- Dowrmishkhanlu Location within Iran
- Coordinates: 39°10′29″N 47°07′52″E﻿ / ﻿39.17472°N 47.13111°E
- Country: Iran
- Province: East Azerbaijan
- County: Khoda Afarin
- District: Central
- Rural District: Bastamlu

Population (2016)
- • Total: 297
- Time zone: UTC+3:30 (IRST)

= Dowrmishkhanlu =

Village in East Azerbaijan province, Iran

Dowrmishkhanlu (دورميشكانلو) (Note: Also romanized as Dowrmīshkhānlū; also known as Dormīshkānlū) is a village in Bastamlu Rural District of the Central District in Khoda Afarin County, East Azerbaijan province, Iran.

==Demographics==
===Ethnicity===
The village is populated by the Kurdish Chalabianlu tribe.

===Population===
At the time of the 2006 National Census, the village's population was 481 in 98 households, when it was in the former Khoda Afarin District of Kaleybar County.
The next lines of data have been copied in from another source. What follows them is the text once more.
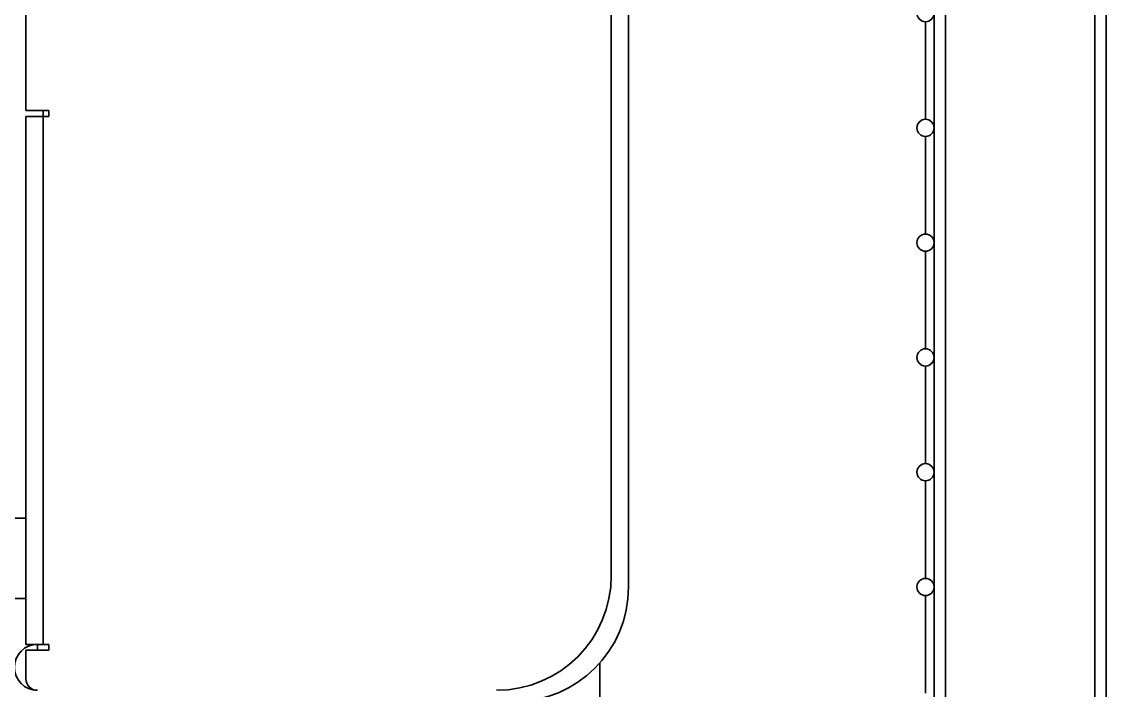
# Model space of a CAD drawing. Header units: millimetres. Extents: x 0 to 420, y 0 to 297.
# Drawn here: x 258.44 to 260.33, y 145.767 to 146.932 of the extents above; entities that cross this region are included whole.
import ezdxf

# ---------------------------------------------------------------- set-up
doc = ezdxf.new("R2010")
doc.units = ezdxf.units.MM

msp = doc.modelspace()

# ---------------------------------------------------------------- linework, layer by layer
at = {"color": 7, "linetype": 'Continuous', "lineweight": 35}
for p, q in [((260.0295, 144.9473), (260.0295, 150.5473)), ((260.0495, 144.9473), (260.0495, 150.5473)), ((260.3095, 144.9473), (260.3095, 150.5473)), ((260.3295, 144.9473), (260.3295, 150.5473)), ((259.497, 149.5473), (259.497, 145.9473)), ((259.467, 145.9673), (259.467, 147.3173)), ((258.447, 147.2173), (258.447, 146.7773)), ((260.0145, 146.9323), (260.0145, 146.7623)), ((258.447, 146.7773), (258.487, 146.7773)), ((258.447, 145.8473), (258.447, 146.7673)), ((258.447, 146.7673), (258.477, 146.7673)), ((258.477, 146.7773), (258.477, 146.7673)), ((258.477, 146.7673), (258.477, 145.8473)), ((258.487, 146.7673), (258.477, 146.7673)), ((258.487, 146.7773), (258.487, 146.7673)), ((260.0145, 146.7323), (260.0145, 146.5623)), ((260.0145, 146.5323), (260.0145, 146.3623)), ((260.0145, 146.3323), (260.0145, 146.1623)), ((260.0145, 146.1323), (260.0145, 145.9623)), ((258.447, 146.0673), (258.387, 146.0673)), ((258.447, 145.9273), (258.387, 145.9273)), ((260.0145, 145.9323), (260.0145, 145.7623)), ((258.477, 145.8473), (258.447, 145.8473)), ((258.447, 145.8373), (258.447, 145.7873)), ((258.487, 145.8373), (258.447, 145.8373)), ((258.467, 145.8373), (258.467, 145.8473)), ((258.477, 145.8473), (258.487, 145.8473)), ((258.487, 145.8473), (258.487, 145.8373)), ((259.447, 145.7473), (259.447, 145.815))]:
    msp.add_line(p, q, dxfattribs=at)
for centre in [(260.0145, 146.9473), (260.0145, 146.7473), (260.0145, 146.5473), (260.0145, 146.3473), (260.0145, 146.1473), (260.0145, 145.9473)]:
    msp.add_circle(centre, 0.015, dxfattribs=at)
for centre, radius, start, end in [((259.267, 145.9673), 0.2, 270, 0), ((259.297, 145.9473), 0.2, 270, 0), ((258.467, 145.8073), 0.04, 90, 270), ((258.467, 145.7873), 0.02, 180, 270)]:
    msp.add_arc(centre, radius, start, end, dxfattribs=at)

doc.saveas('drawing.dxf')

The following census in 2011 counted 398 people in 105 households, by which time the district had been separated from the county in the establishment of Khoda Afarin County. The rural district was transferred to the new Central District. The 2016 census measured the population of the village as 297 people in 94 households.